● **Your task**: For the data below, restate word for word only the lines from the line containing "#51=PLANE('',#50);" through the line containing "#56=CIRCLE('',#55,3.35702302504497);", both ends included.

Records from a data source:
....
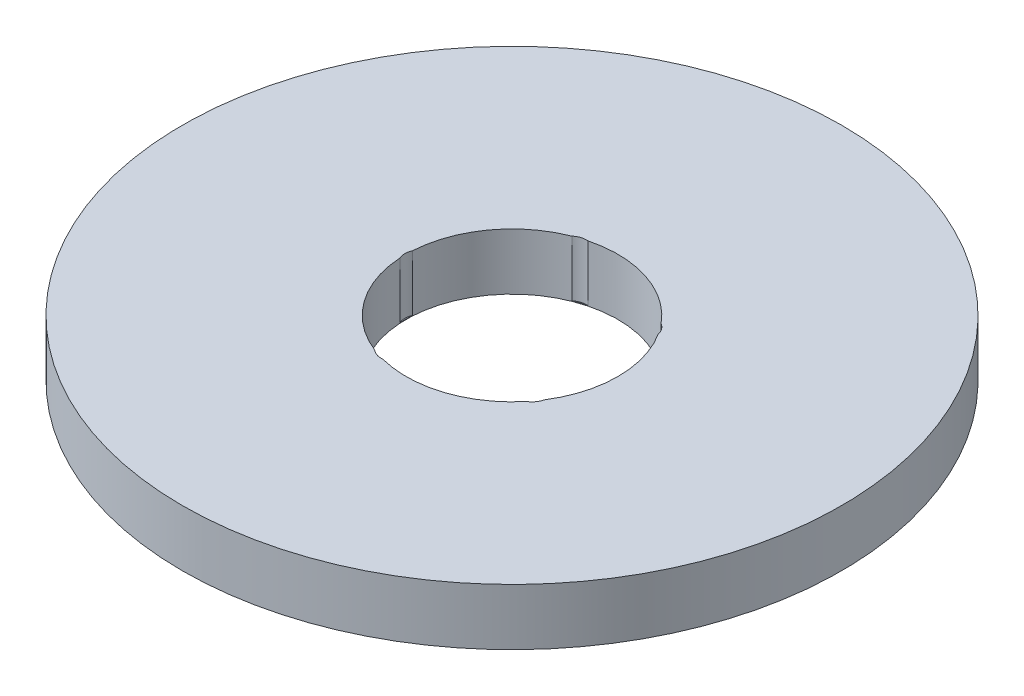
ISO-10303-21;
HEADER;
FILE_DESCRIPTION(('STEP AP214'),'2;1');
FILE_NAME('part.step','',(''),(''),'','','');
FILE_SCHEMA(('AUTOMOTIVE_DESIGN { 1 0 10303 214 1 1 1 1 }'));
ENDSEC;
DATA;
#1=APPLICATION_CONTEXT('core data for automotive mechanical design processes');
#2=APPLICATION_PROTOCOL_DEFINITION('international standard','automotive_design',2000,#1);
#3=PRODUCT_CONTEXT('',#1,'mechanical');
#4=PRODUCT('Part','Part','',(#3));
#5=PRODUCT_RELATED_PRODUCT_CATEGORY('part','',(#4));
#6=PRODUCT_DEFINITION_FORMATION('','',#4);
#7=PRODUCT_DEFINITION_CONTEXT('part definition',#1,'design');
#8=PRODUCT_DEFINITION('design','',#6,#7);
#9=PRODUCT_DEFINITION_SHAPE('','',#8);
#10=(LENGTH_UNIT() NAMED_UNIT(*) SI_UNIT(.MILLI.,.METRE.));
#11=(NAMED_UNIT(*) PLANE_ANGLE_UNIT() SI_UNIT($,.RADIAN.));
#12=(NAMED_UNIT(*) SI_UNIT($,.STERADIAN.) SOLID_ANGLE_UNIT());
#13=UNCERTAINTY_MEASURE_WITH_UNIT(LENGTH_MEASURE(1.E-05),#10,'distance_accuracy_value','');
#14=(GEOMETRIC_REPRESENTATION_CONTEXT(3) GLOBAL_UNCERTAINTY_ASSIGNED_CONTEXT((#13)) GLOBAL_UNIT_ASSIGNED_CONTEXT((#10,
#11,#12)) REPRESENTATION_CONTEXT('',''));
#15=CARTESIAN_POINT('',(0.,0.,0.));
#16=DIRECTION('',(0.,0.,1.));
#17=DIRECTION('',(1.,0.,0.));
#18=AXIS2_PLACEMENT_3D('',#15,#16,#17);
#19=CARTESIAN_POINT('',(0.,12.,0.));
#20=DIRECTION('',(0.,-1.,0.));
#21=DIRECTION('',(0.,0.,-1.));
#22=AXIS2_PLACEMENT_3D('',#19,#20,#21);
#23=CYLINDRICAL_SURFACE('',#22,70.);
#24=CARTESIAN_POINT('',(0.,12.,0.));
#25=DIRECTION('',(0.,1.,0.));
#26=DIRECTION('',(0.,0.,1.));
#27=AXIS2_PLACEMENT_3D('',#24,#25,#26);
#28=CIRCLE('',#27,70.);
#29=CARTESIAN_POINT('',(0.,12.,70.));
#30=VERTEX_POINT('',#29);
#31=EDGE_CURVE('E159',#30,#30,#28,.T.);
#32=ORIENTED_EDGE('',*,*,#31,.F.);
#33=EDGE_LOOP('',(#32));
#34=FACE_BOUND('',#33,.T.);
#35=CARTESIAN_POINT('',(0.,0.,0.));
#36=DIRECTION('',(0.,1.,0.));
#37=DIRECTION('',(0.,0.,1.));
#38=AXIS2_PLACEMENT_3D('',#35,#36,#37);
#39=CIRCLE('',#38,70.);
#40=CARTESIAN_POINT('',(0.,0.,70.));
#41=VERTEX_POINT('',#40);
#42=EDGE_CURVE('E152',#41,#41,#39,.T.);
#43=ORIENTED_EDGE('',*,*,#42,.T.);
#44=EDGE_LOOP('',(#43));
#45=FACE_BOUND('',#44,.T.);
#46=ADVANCED_FACE('F39',(#34,#45),#23,.T.);
#47=CARTESIAN_POINT('',(0.,12.,0.));
#48=DIRECTION('',(0.,1.,0.));
#49=DIRECTION('',(0.,0.,1.));
#50=AXIS2_PLACEMENT_3D('',#47,#48,#49);
#51=PLANE('',#50);
#52=CARTESIAN_POINT('',(-5.99042300739143,12.,18.4366262705647));
#53=DIRECTION('',(0.,1.,0.));
#54=DIRECTION('',(0.951056516295155,0.,0.309016994374945));
#55=AXIS2_PLACEMENT_3D('',#52,#53,#54);
#56=CIRCLE('',#55,3.35702302504497);
#57=CARTESIAN_POINT('',(-8.22321581409776,12.,20.943464891817));
#58=VERTEX_POINT('',#57);
#59=CARTESIAN_POINT('',(-5.65753845329719,12.,21.77710400052));
#60=VERTEX_POINT('',#59);
#61=EDGE_CURVE('E192',#58,#60,#56,.T.);
#62=ORIENTED_EDGE('',*,*,#61,.F.);
#63=CARTESIAN_POINT('',(0.,12.,0.));
#64=DIRECTION('',(0.,1.,0.));
#65=DIRECTION('',(0.,0.,1.));
#66=AXIS2_PLACEMENT_3D('',#63,#64,#65);
#67=CIRCLE('',#66,22.5);
#68=CARTESIAN_POINT('',(-22.4595321941304,12.,1.34885641223256));
#69=VERTEX_POINT('',#68);
#70=EDGE_CURVE('E147',#69,#58,#67,.T.);
#71=ORIENTED_EDGE('',*,*,#70,.F.);
#72=CARTESIAN_POINT('',(-19.3854160658976,12.,0.));
#73=DIRECTION('',(0.,1.,0.));
#74=DIRECTION('',(0.,0.,1.));
#75=AXIS2_PLACEMENT_3D('',#72,#73,#74);
#76=CIRCLE('',#75,3.35702302504497);
#77=CARTESIAN_POINT('',(-22.4595321941304,12.,-1.34885641223256));
#78=VERTEX_POINT('',#77);
#79=EDGE_CURVE('E154',#78,#69,#76,.T.);
#80=ORIENTED_EDGE('',*,*,#79,.F.);
#81=CARTESIAN_POINT('',(-8.22321581409805,12.,-20.9434648918169));
#82=VERTEX_POINT('',#81);
#83=EDGE_CURVE('E136',#82,#78,#67,.T.);
#84=ORIENTED_EDGE('',*,*,#83,.F.);
#85=CARTESIAN_POINT('',(-5.99042300739169,12.,-18.4366262705646));
#86=DIRECTION('',(0.,1.,0.));
#87=DIRECTION('',(-0.95105651629515,0.,0.309016994374958));
#88=AXIS2_PLACEMENT_3D('',#85,#86,#87);
#89=CIRCLE('',#88,3.35702302504497);
#90=CARTESIAN_POINT('',(-5.65753845329751,12.,-21.7771040005199));
#91=VERTEX_POINT('',#90);
#92=EDGE_CURVE('E117',#91,#82,#89,.T.);
#93=ORIENTED_EDGE('',*,*,#92,.F.);
#94=CARTESIAN_POINT('',(17.3773053241922,12.,-14.2926295575658));
#95=VERTEX_POINT('',#94);
#96=EDGE_CURVE('E133',#95,#91,#67,.T.);
#97=ORIENTED_EDGE('',*,*,#96,.F.);
#98=CARTESIAN_POINT('',(15.6831310403402,12.,-11.3944616730883));
#99=DIRECTION('',(0.,1.,0.));
#100=DIRECTION('',(-0.58778525229248,0.,-0.809016994374942));
#101=AXIS2_PLACEMENT_3D('',#98,#99,#100);
#102=CIRCLE('',#101,3.35702302504497);
#103=CARTESIAN_POINT('',(18.9629811373331,12.,-12.1101340366303));
#104=VERTEX_POINT('',#103);
#105=EDGE_CURVE('E333',#104,#95,#102,.T.);
#106=ORIENTED_EDGE('',*,*,#105,.F.);
#107=CARTESIAN_POINT('',(18.9629811373332,12.,12.11013403663));
#108=VERTEX_POINT('',#107);
#109=EDGE_CURVE('E144',#108,#104,#67,.T.);
#110=ORIENTED_EDGE('',*,*,#109,.F.);
#111=CARTESIAN_POINT('',(15.6831310403403,12.,11.3944616730881));
#112=DIRECTION('',(0.,1.,0.));
#113=DIRECTION('',(0.587785252292469,0.,-0.809016994374951));
#114=AXIS2_PLACEMENT_3D('',#111,#112,#113);
#115=CIRCLE('',#114,3.35702302504497);
#116=CARTESIAN_POINT('',(17.3773053241924,12.,14.2926295575655));
#117=VERTEX_POINT('',#116);
#118=EDGE_CURVE('E328',#117,#108,#115,.T.);
#119=ORIENTED_EDGE('',*,*,#118,.F.);
#120=EDGE_CURVE('E146',#60,#117,#67,.T.);
#121=ORIENTED_EDGE('',*,*,#120,.F.);
#122=EDGE_LOOP('',(#62,#71,#80,#84,#93,#97,#106,#110,#119,#121));
#123=FACE_BOUND('',#122,.T.);
#124=ORIENTED_EDGE('',*,*,#31,.T.);
#125=EDGE_LOOP('',(#124));
#126=FACE_BOUND('',#125,.T.);
#127=ADVANCED_FACE('F131',(#123,#126),#51,.T.);
#128=CARTESIAN_POINT('',(0.,0.,0.));
#129=DIRECTION('',(0.,1.,0.));
#130=DIRECTION('',(0.,0.,1.));
#131=AXIS2_PLACEMENT_3D('',#128,#129,#130);
#132=PLANE('',#131);
#133=CARTESIAN_POINT('',(0.,0.,0.));
#134=DIRECTION('',(0.,1.,0.));
#135=DIRECTION('',(0.,0.,1.));
#136=AXIS2_PLACEMENT_3D('',#133,#134,#135);
#137=CIRCLE('',#136,22.5);
#138=CARTESIAN_POINT('',(0.,0.,22.5));
#139=VERTEX_POINT('',#138);
#140=EDGE_CURVE('E149',#139,#139,#137,.T.);
#141=ORIENTED_EDGE('',*,*,#140,.T.);
#142=EDGE_LOOP('',(#141));
#143=FACE_BOUND('',#142,.T.);
#144=ORIENTED_EDGE('',*,*,#42,.F.);
#145=EDGE_LOOP('',(#144));
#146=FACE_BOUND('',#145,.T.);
....
● **Task output**:
#51=PLANE('',#50);
#52=CARTESIAN_POINT('',(-5.99042300739143,12.,18.4366262705647));
#53=DIRECTION('',(0.,1.,0.));
#54=DIRECTION('',(0.951056516295155,0.,0.309016994374945));
#55=AXIS2_PLACEMENT_3D('',#52,#53,#54);
#56=CIRCLE('',#55,3.35702302504497);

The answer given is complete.